Our editorial process begins even before we acquire a manuscript, at the most important meeting of our week: the B+B team meeting. This is where the incubation process of a manuscript starts. We circulate among our group of six any project we’re seriously considering, and ideally we read all or most of each one. At the meeting, we discuss very frankly our thoughts on the manuscripts. It’s a place to give and get great nuts-and-bolts editorial comments, thoughts on comps in the market and positioning, advice on advance level, packaging, illustrators…This meeting is where the blueprint of the book is sketched out.
As for the editorial process with the author: although each editor on our team has a slightly different process, our goal is always the same: to help the author realize his or her vision. We ask a lot of questions and make suggestions that we hope will launch a collaborative discussion, a dialogue that keeps going right through the galley stage.
What are you seeing as trends in publishing?

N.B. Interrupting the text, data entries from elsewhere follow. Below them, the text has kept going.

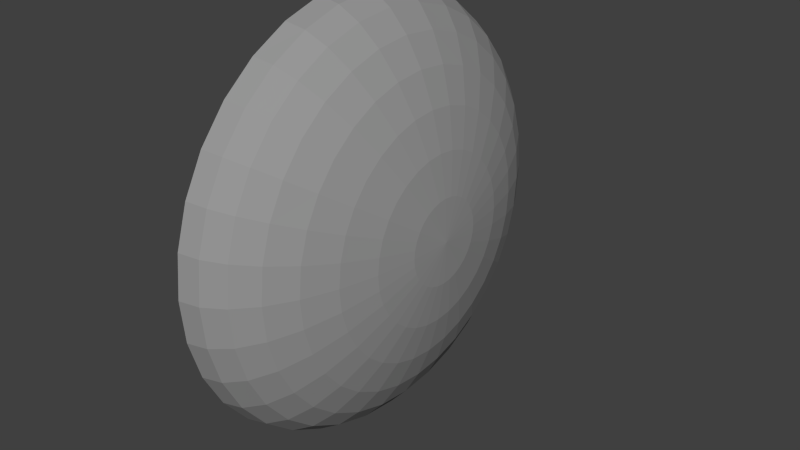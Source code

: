 # Source: TPC_endcap.blend  (saved by Blender 2.70.0; exported with 4.5.12 LTS)
import bpy
from mathutils import Matrix  # noqa: F401  (used for matrix-valued properties, if any)

bpy.ops.wm.read_factory_settings(use_empty=True)
scene = bpy.context.scene
scene.name = 'Scene'

# ---- collections
col_collection_1 = bpy.data.collections.new('Collection 1'); scene.collection.children.link(col_collection_1)

# ---- materials (node trees are filled in below, after node groups)
mat_material_008 = bpy.data.materials.new('Material.008')
mat_material_008.alpha_threshold = 0.0
mat_material_008.use_transparent_shadow = False
mat_material_008.diffuse_color = (0.3108, 0.3108, 0.3108, 1.0)
mat_material_008.roughness = 0.5
mat_material_008.line_color = (0.0, 0.0, 0.0, 1.0)

# ---- material node trees

# ---- world
world_world = bpy.data.worlds.new('World'); scene.world = world_world
world_world.color = (0.05088, 0.05088, 0.05088)
world_world.use_sun_shadow = False
world_world.sun_shadow_jitter_overblur = 0.0
world_world.cycles.sampling_method = 'MANUAL'
world_world.cycles.sample_map_resolution = 256

# ---- meshes
me_sphere_004 = bpy.data.meshes.new('Sphere.004')
me_sphere_004.from_pydata([(-0.3902, -7.242e-08, 0.9808), (-0.7654, -7.242e-08, 0.9239), (-1.111, -7.242e-08, 0.8315), (-1.414, -7.242e-08, 0.7071), (-1.663, -7.242e-08, 0.5556), (-1.848, -7.242e-08, 0.3827), (-1.962, -7.242e-08, 0.1951), (-2.0, -7.242e-08, 1.788e-07), (-0.3827, 0.07612, 0.9808), (-0.7507, 0.1493, 0.9239), (-1.09, 0.2168, 0.8315), (-1.387, 0.2759, 0.7071), (-1.631, 0.3244, 0.5556), (-1.812, 0.3605, 0.3827), (-1.924, 0.3827, 0.1951), (-1.962, 0.3902, 1.788e-07), (-0.3605, 0.1493, 0.9808), (-0.7071, 0.2929, 0.9239), (-1.027, 0.4252, 0.8315), (-1.307, 0.5412, 0.7071), (-1.536, 0.6364, 0.5556), (-1.707, 0.7071, 0.3827), (-1.812, 0.7507, 0.1951), (-1.848, 0.7654, 1.788e-07), (-0.3244, 0.2168, 0.9808), (-0.6364, 0.4252, 0.9239), (-0.9239, 0.6173, 0.8315), (-1.176, 0.7857, 0.7071), (-1.383, 0.9239, 0.5556), (-1.536, 1.027, 0.3827), (-1.631, 1.09, 0.1951), (-1.663, 1.111, 1.788e-07), (-0.2759, 0.2759, 0.9808), (-0.5412, 0.5412, 0.9239), (-0.7857, 0.7857, 0.8315), (-1.0, 1.0, 0.7071), (-1.176, 1.176, 0.5556), (-1.307, 1.307, 0.3827), (-1.387, 1.387, 0.1951), (-1.414, 1.414, 1.788e-07), (-0.2168, 0.3244, 0.9808), (-0.4252, 0.6364, 0.9239), (-0.6173, 0.9239, 0.8315), (-0.7857, 1.176, 0.7071), (-0.9239, 1.383, 0.5556), (-1.027, 1.536, 0.3827), (-1.09, 1.631, 0.1951), (-1.111, 1.663, 1.788e-07), (-0.1493, 0.3605, 0.9808), (-0.2929, 0.7071, 0.9239), (-0.4252, 1.027, 0.8315), (-0.5412, 1.307, 0.7071), (-0.6364, 1.536, 0.5556), (-0.7071, 1.707, 0.3827), (-0.7507, 1.812, 0.1951), (-0.7654, 1.848, 1.788e-07), (-0.07612, 0.3827, 0.9808), (-0.1493, 0.7507, 0.9239), (-0.2168, 1.09, 0.8315), (-0.2759, 1.387, 0.7071), (-0.3244, 1.631, 0.5556), (-0.3605, 1.812, 0.3827), (-0.3827, 1.924, 0.1951), (-0.3902, 1.962, 1.788e-07), (3.838e-07, 0.3902, 0.9808), (3.689e-07, 0.7654, 0.9239), (3.54e-07, 1.111, 0.8315), (3.689e-07, 1.414, 0.7071), (3.987e-07, 1.663, 0.5556), (2.795e-07, 1.848, 0.3827), (5.179e-07, 1.962, 0.1951), (4.881e-07, 2.0, 1.788e-07), (0.07612, 0.3827, 0.9808), (0.1493, 0.7507, 0.9239), (0.2168, 1.09, 0.8315), (0.2759, 1.387, 0.7071), (0.3244, 1.631, 0.5556), (0.3605, 1.812, 0.3827), (0.3827, 1.924, 0.1951), (0.3902, 1.962, 1.788e-07), (0.1493, 0.3605, 0.9808), (0.2929, 0.7071, 0.9239), (0.4252, 1.027, 0.8315), (0.5412, 1.307, 0.7071), (0.6364, 1.536, 0.5556), (0.7071, 1.707, 0.3827), (0.7507, 1.812, 0.1951), (0.7654, 1.848, 1.788e-07), (0.2168, 0.3244, 0.9808), (0.4252, 0.6364, 0.9239), (0.6173, 0.9239, 0.8315), (0.7857, 1.176, 0.7071), (0.9239, 1.383, 0.5556), (1.027, 1.536, 0.3827), (1.09, 1.631, 0.1951), (1.111, 1.663, 1.788e-07), (0.2759, 0.2759, 0.9808), (0.5412, 0.5412, 0.9239), (0.7857, 0.7857, 0.8315), (1.0, 1.0, 0.7071), (1.176, 1.176, 0.5556), (1.307, 1.307, 0.3827), (1.387, 1.387, 0.1951), (1.414, 1.414, 1.788e-07), (0.3244, 0.2168, 0.9808), (0.6364, 0.4252, 0.9239), (0.9239, 0.6173, 0.8315), (1.176, 0.7857, 0.7071), (1.383, 0.9239, 0.5556), (1.536, 1.027, 0.3827), (1.631, 1.09, 0.1951), (1.663, 1.111, 1.788e-07), (0.3605, 0.1493, 0.9808), (0.7071, 0.2929, 0.9239), (1.027, 0.4252, 0.8315), (1.307, 0.5412, 0.7071), (1.536, 0.6364, 0.5556), (1.707, 0.7071, 0.3827), (1.812, 0.7507, 0.1951), (1.848, 0.7654, 1.788e-07), (0.3827, 0.07612, 0.9808), (0.7507, 0.1493, 0.9239), (1.09, 0.2168, 0.8315), (1.387, 0.2759, 0.7071), (1.631, 0.3244, 0.5556), (1.812, 0.3605, 0.3827), (1.924, 0.3827, 0.1951), (1.962, 0.3902, 1.788e-07), (0.3902, -8.684e-08, 0.9808), (0.7654, 1.002e-08, 0.9239), (1.111, -1.979e-08, 0.8315), (1.414, -1.241e-07, 0.7071), (1.663, -2.433e-07, 0.5556), (1.848, 5.472e-08, 0.3827), (1.962, -2.433e-07, 0.1951), (2.0, -2.731e-07, 1.788e-07), (0.3827, -0.07612, 0.9808), (0.7507, -0.1493, 0.9239), (1.09, -0.2168, 0.8315), (1.387, -0.2759, 0.7071), (1.631, -0.3244, 0.5556), (1.812, -0.3605, 0.3827), (1.924, -0.3827, 0.1951), (1.962, -0.3902, 1.788e-07), (0.3605, -0.1493, 0.9808), (0.7071, -0.2929, 0.9239), (1.027, -0.4252, 0.8315), (1.307, -0.5412, 0.7071), (1.536, -0.6364, 0.5556), (1.707, -0.7071, 0.3827), (1.812, -0.7507, 0.1951), (1.848, -0.7654, 1.788e-07), (0.3244, -0.2168, 0.9808), (0.6364, -0.4252, 0.9239), (0.9239, -0.6173, 0.8315), (1.176, -0.7857, 0.7071), (1.383, -0.9239, 0.5556), (1.536, -1.027, 0.3827), (1.631, -1.09, 0.1951), (1.663, -1.111, 1.788e-07), (0.2759, -0.2759, 0.9808), (0.5412, -0.5412, 0.9239), (0.7857, -0.7857, 0.8315), (1.0, -1.0, 0.7071), (1.176, -1.176, 0.5556), (1.307, -1.307, 0.3827), (1.387, -1.387, 0.1951), (1.414, -1.414, 1.788e-07), (0.2168, -0.3244, 0.9808), (0.4252, -0.6364, 0.9239), (0.6173, -0.9239, 0.8315), (0.7857, -1.176, 0.7071), (0.9239, -1.383, 0.5556), (1.027, -1.536, 0.3827), (1.09, -1.631, 0.1951), (1.111, -1.663, 1.788e-07), (0.1493, -0.3605, 0.9808), (0.2929, -0.7071, 0.9239), (0.4252, -1.027, 0.8315), (0.5412, -1.307, 0.7071), (0.6364, -1.536, 0.5556), (0.7071, -1.707, 0.3827), (0.7507, -1.812, 0.1951), (0.7654, -1.848, 1.788e-07), (0.07612, -0.3827, 0.9808), (0.1493, -0.7507, 0.9239), (0.2168, -1.09, 0.8315), (0.2759, -1.387, 0.7071), (0.3244, -1.631, 0.5556), (0.3605, -1.812, 0.3827), (0.3827, -1.924, 0.1951), (0.3902, -1.962, 1.788e-07), (3.54e-07, -0.3902, 0.9808), (2.944e-07, -0.7654, 0.9239), (2.944e-07, -1.111, 0.8315), (1.007e-07, -1.414, 0.7071), (1.125e-08, -1.663, 0.5556), (3.689e-07, -1.848, 0.3827), (-7.816e-08, -1.962, 0.1951), (1.125e-08, -2.0, 1.788e-07), (-0.07612, -0.3827, 0.9808), (-0.1493, -0.7507, 0.9239), (-0.2168, -1.09, 0.8315), (-0.2759, -1.387, 0.7071), (-0.3244, -1.631, 0.5556), (-0.3605, -1.812, 0.3827), (-0.3827, -1.924, 0.1951), (-0.3902, -1.962, 1.788e-07), (-0.1493, -0.3605, 0.9808), (-0.2929, -0.7071, 0.9239), (-0.4252, -1.027, 0.8315), (-0.5412, -1.307, 0.7071), (-0.6364, -1.536, 0.5556), (-0.7071, -1.707, 0.3827), (-0.7507, -1.812, 0.1951), (-0.7654, -1.848, 1.788e-07), (-0.2168, -0.3244, 0.9808), (-0.4252, -0.6364, 0.9239), (-0.6173, -0.9239, 0.8315), (-0.7857, -1.176, 0.7071), (-0.9239, -1.383, 0.5556), (-1.027, -1.536, 0.3827), (-1.09, -1.631, 0.1951), (-1.111, -1.663, 1.788e-07), (-0.2759, -0.2759, 0.9808), (-0.5412, -0.5412, 0.9239), (-0.7857, -0.7857, 0.8315), (-1.0, -1.0, 0.7071), (-1.176, -1.176, 0.5556), (-1.307, -1.307, 0.3827), (-1.387, -1.387, 0.1951), (-1.414, -1.414, 1.788e-07), (-0.3244, -0.2168, 0.9808), (-0.6364, -0.4252, 0.9239), (-0.9239, -0.6173, 0.8315), (-1.176, -0.7857, 0.7071), (-1.383, -0.9239, 0.5556), (-1.536, -1.027, 0.3827), (-1.631, -1.09, 0.1951), (-1.663, -1.111, 1.788e-07), (-2.199e-07, -3.218e-07, 1.0), (-0.3605, -0.1493, 0.9808), (-0.7071, -0.2929, 0.9239), (-1.027, -0.4252, 0.8315), (-1.307, -0.5412, 0.7071), (-1.536, -0.6364, 0.5556), (-1.707, -0.7071, 0.3827), (-1.812, -0.7507, 0.1951), (-1.848, -0.7654, 1.788e-07), (-0.3827, -0.07612, 0.9808), (-0.7507, -0.1493, 0.9239), (-1.09, -0.2168, 0.8315), (-1.387, -0.2759, 0.7071), (-1.631, -0.3244, 0.5556), (-1.812, -0.3605, 0.3827), (-1.924, -0.3827, 0.1951), (-1.962, -0.3902, 1.788e-07)], [], [(1, 0, 8, 9), (6, 5, 13, 14), (4, 3, 11, 12), (2, 1, 9, 10), (7, 6, 14, 15), (5, 4, 12, 13), (3, 2, 10, 11), (15, 14, 22, 23), (13, 12, 20, 21), (11, 10, 18, 19), (9, 8, 16, 17), (14, 13, 21, 22), (12, 11, 19, 20), (10, 9, 17, 18), (23, 22, 30, 31), (21, 20, 28, 29), (19, 18, 26, 27), (17, 16, 24, 25), (22, 21, 29, 30), (20, 19, 27, 28), (18, 17, 25, 26), (31, 30, 38, 39), (29, 28, 36, 37), (27, 26, 34, 35), (25, 24, 32, 33), (30, 29, 37, 38), (28, 27, 35, 36), (26, 25, 33, 34), (39, 38, 46, 47), (37, 36, 44, 45), (35, 34, 42, 43), (33, 32, 40, 41), (38, 37, 45, 46), (36, 35, 43, 44), (34, 33, 41, 42), (47, 46, 54, 55), (45, 44, 52, 53), (43, 42, 50, 51), (41, 40, 48, 49), (46, 45, 53, 54), (44, 43, 51, 52), (42, 41, 49, 50), (55, 54, 62, 63), (53, 52, 60, 61), (51, 50, 58, 59), (49, 48, 56, 57), (54, 53, 61, 62), (52, 51, 59, 60), (50, 49, 57, 58), (63, 62, 70, 71), (61, 60, 68, 69), (59, 58, 66, 67), (57, 56, 64, 65), (62, 61, 69, 70), (60, 59, 67, 68), (58, 57, 65, 66), (71, 70, 78, 79), (69, 68, 76, 77), (67, 66, 74, 75), (65, 64, 72, 73), (70, 69, 77, 78), (68, 67, 75, 76), (66, 65, 73, 74), (79, 78, 86, 87), (77, 76, 84, 85), (75, 74, 82, 83), (73, 72, 80, 81), (78, 77, 85, 86), (76, 75, 83, 84), (74, 73, 81, 82), (87, 86, 94, 95), (85, 84, 92, 93), (83, 82, 90, 91), (81, 80, 88, 89), (86, 85, 93, 94), (84, 83, 91, 92), (82, 81, 89, 90), (95, 94, 102, 103), (93, 92, 100, 101), (91, 90, 98, 99), (89, 88, 96, 97), (94, 93, 101, 102), (92, 91, 99, 100), (90, 89, 97, 98), (103, 102, 110, 111), (101, 100, 108, 109), (99, 98, 106, 107), (97, 96, 104, 105), (102, 101, 109, 110), (100, 99, 107, 108), (98, 97, 105, 106), (111, 110, 118, 119), (109, 108, 116, 117), (107, 106, 114, 115), (105, 104, 112, 113), (110, 109, 117, 118), (108, 107, 115, 116), (106, 105, 113, 114), (119, 118, 126, 127), (117, 116, 124, 125), (115, 114, 122, 123), (113, 112, 120, 121), (118, 117, 125, 126), (116, 115, 123, 124), (114, 113, 121, 122), (127, 126, 134, 135), (125, 124, 132, 133), (123, 122, 130, 131), (121, 120, 128, 129), (126, 125, 133, 134), (124, 123, 131, 132), (122, 121, 129, 130), (135, 134, 142, 143), (133, 132, 140, 141), (131, 130, 138, 139), (129, 128, 136, 137), (134, 133, 141, 142), (132, 131, 139, 140), (130, 129, 137, 138), (143, 142, 150, 151), (141, 140, 148, 149), (139, 138, 146, 147), (137, 136, 144, 145), (142, 141, 149, 150), (140, 139, 147, 148), (138, 137, 145, 146), (151, 150, 158, 159), (149, 148, 156, 157), (147, 146, 154, 155), (145, 144, 152, 153), (150, 149, 157, 158), (148, 147, 155, 156), (146, 145, 153, 154), (159, 158, 166, 167), (157, 156, 164, 165), (155, 154, 162, 163), (153, 152, 160, 161), (158, 157, 165, 166), (156, 155, 163, 164), (154, 153, 161, 162), (167, 166, 174, 175), (165, 164, 172, 173), (163, 162, 170, 171), (161, 160, 168, 169), (166, 165, 173, 174), (164, 163, 171, 172), (162, 161, 169, 170), (175, 174, 182, 183), (173, 172, 180, 181), (171, 170, 178, 179), (169, 168, 176, 177), (174, 173, 181, 182), (172, 171, 179, 180), (170, 169, 177, 178), (183, 182, 190, 191), (181, 180, 188, 189), (179, 178, 186, 187), (177, 176, 184, 185), (182, 181, 189, 190), (180, 179, 187, 188), (178, 177, 185, 186), (191, 190, 198, 199), (189, 188, 196, 197), (187, 186, 194, 195), (185, 184, 192, 193), (190, 189, 197, 198), (188, 187, 195, 196), (186, 185, 193, 194), (199, 198, 206, 207), (197, 196, 204, 205), (195, 194, 202, 203), (193, 192, 200, 201), (198, 197, 205, 206), (196, 195, 203, 204), (194, 193, 201, 202), (207, 206, 214, 215), (205, 204, 212, 213), (203, 202, 210, 211), (201, 200, 208, 209), (206, 205, 213, 214), (204, 203, 211, 212), (202, 201, 209, 210), (215, 214, 222, 223), (213, 212, 220, 221), (211, 210, 218, 219), (209, 208, 216, 217), (214, 213, 221, 222), (212, 211, 219, 220), (210, 209, 217, 218), (223, 222, 230, 231), (221, 220, 228, 229), (219, 218, 226, 227), (217, 216, 224, 225), (222, 221, 229, 230), (220, 219, 227, 228), (218, 217, 225, 226), (231, 230, 238, 239), (229, 228, 236, 237), (227, 226, 234, 235), (225, 224, 232, 233), (230, 229, 237, 238), (228, 227, 235, 236), (226, 225, 233, 234), (239, 238, 247, 248), (237, 236, 245, 246), (235, 234, 243, 244), (233, 232, 241, 242), (238, 237, 246, 247), (236, 235, 244, 245), (234, 233, 242, 243), (248, 247, 255, 256), (246, 245, 253, 254), (244, 243, 251, 252), (242, 241, 249, 250), (247, 246, 254, 255), (245, 244, 252, 253), (243, 242, 250, 251), (0, 240, 8), (8, 240, 16), (16, 240, 24), (24, 240, 32), (32, 240, 40), (40, 240, 48), (48, 240, 56), (56, 240, 64), (64, 240, 72), (72, 240, 80), (80, 240, 88), (88, 240, 96), (96, 240, 104), (104, 240, 112), (112, 240, 120), (120, 240, 128), (128, 240, 136), (136, 240, 144), (144, 240, 152), (152, 240, 160), (160, 240, 168), (168, 240, 176), (176, 240, 184), (184, 240, 192), (192, 240, 200), (200, 240, 208), (208, 240, 216), (216, 240, 224), (224, 240, 232), (232, 240, 241), (241, 240, 249), (256, 255, 6, 7), (254, 253, 4, 5), (252, 251, 2, 3), (250, 249, 0, 1), (255, 254, 5, 6), (253, 252, 3, 4), (251, 250, 1, 2), (249, 240, 0)])
me_sphere_004.materials.append(mat_material_008)
me_sphere_004.use_remesh_preserve_volume = False
me_sphere_004.use_remesh_preserve_attributes = False
me_sphere_004.use_mirror_vertex_groups = False
me_sphere_004.update()

# ---- objects
ob_sphere_003 = bpy.data.objects.new('Sphere.003', me_sphere_004)

# ---- transforms, parenting, visibility, modifiers, constraints
ob_sphere_003.location = (16.14, 0.0, 0.0)
ob_sphere_003.rotation_euler = (0.0, 1.571, 0.0)
ob_sphere_003.scale = (4.235, 4.235, 4.066)
ob_sphere_003.lineart.crease_threshold = 0.0
_m = ob_sphere_003.modifiers.new('Solidify', 'SOLIDIFY')
_m.thickness = 0.131
_m.nonmanifold_thickness_mode = 'FIXED'
_m.nonmanifold_merge_threshold = 0.0003

# ---- collection membership
col_collection_1.objects.link(ob_sphere_003)

# ---- scene / render settings (as saved in the file)
scene.frame_start = 1; scene.frame_end = 251; scene.frame_set(1)
scene.render.engine = 'BLENDER_EEVEE_NEXT'
scene.render.resolution_percentage = 50
scene.render.dither_intensity = 0.0
scene.cycles.use_denoising = False
scene.cycles.samples = 10
scene.cycles.sampling_pattern = 'TABULATED_SOBOL'
scene.cycles.light_sampling_threshold = 0.0
scene.cycles.use_adaptive_sampling = False
scene.cycles.use_light_tree = False
scene.cycles.blur_glossy = 0.0
scene.cycles.volume_bounces = 1
scene.cycles.pixel_filter_type = 'GAUSSIAN'
scene.cycles.sample_clamp_indirect = 0.0
scene.view_settings.view_transform = 'Standard'
bpy.context.view_layer.update()

# ---- added for rendering (the .blend has no active camera and no usable light): camera, sun
cam_auto = bpy.data.cameras.new('AutoCamera')
cam_auto.lens = 50.0
cam_auto.sensor_width = 36.0
cam_auto.clip_end = 1000.0
ob_auto_camera = bpy.data.objects.new('AutoCamera', cam_auto)
scene.collection.objects.link(ob_auto_camera)
ob_auto_camera.location = (40.6196, -27.0002, 18.0001)
ob_auto_camera.rotation_euler = (1.09748, -7.21219e-08, 0.694738)
scene.camera = ob_auto_camera
light_auto_sun = bpy.data.lights.new('AutoSun', 'SUN')
light_auto_sun.energy = 3.0
light_auto_sun.angle = 0.0523599
ob_auto_sun = bpy.data.objects.new('AutoSun', light_auto_sun)
scene.collection.objects.link(ob_auto_sun)
ob_auto_sun.rotation_euler = (0.872665, 0.174533, 0.523599)
bpy.context.view_layer.update()

One recent trend we’re happy about is diversity in children’s publishing. While there’s always been an awareness of the need for diversity in our industry, with the advent of social media and the founding of We Need Diverse Books, it seems that awareness is turning into more support for diverse authors and books, as well as a broadened definition of diversity.
On the picture book side, there seems to be more of an openness in the market to what would have once been considered quirky, sophisticated picture books. These are now turning into some of the biggest commercial successes, when for many years the bestseller lists were dominated by character-driven series.
Do you have a tip or two for anyone submitting to B+B?
Take the time to research the kinds of books we publish and to get a sense of our taste. We do have a handy Facebook page which is a good place to start. Feel free to mention a recent title or two that you feel is in the same vein or has a similar sensibility as your manuscript.
*While B+B doesn’t normally accept unsolicited submissions, they are making an exception for SCBWI members for the next three months until December 1, 2015. You can send the queries to firstname.lastname@example.org and put “Balzer + Bray/SCBWI submissions” in the subject line.
Over the last few years there has been a dramatic increase in the number of online writing contests and so-called professional writing and internet gallery showcases.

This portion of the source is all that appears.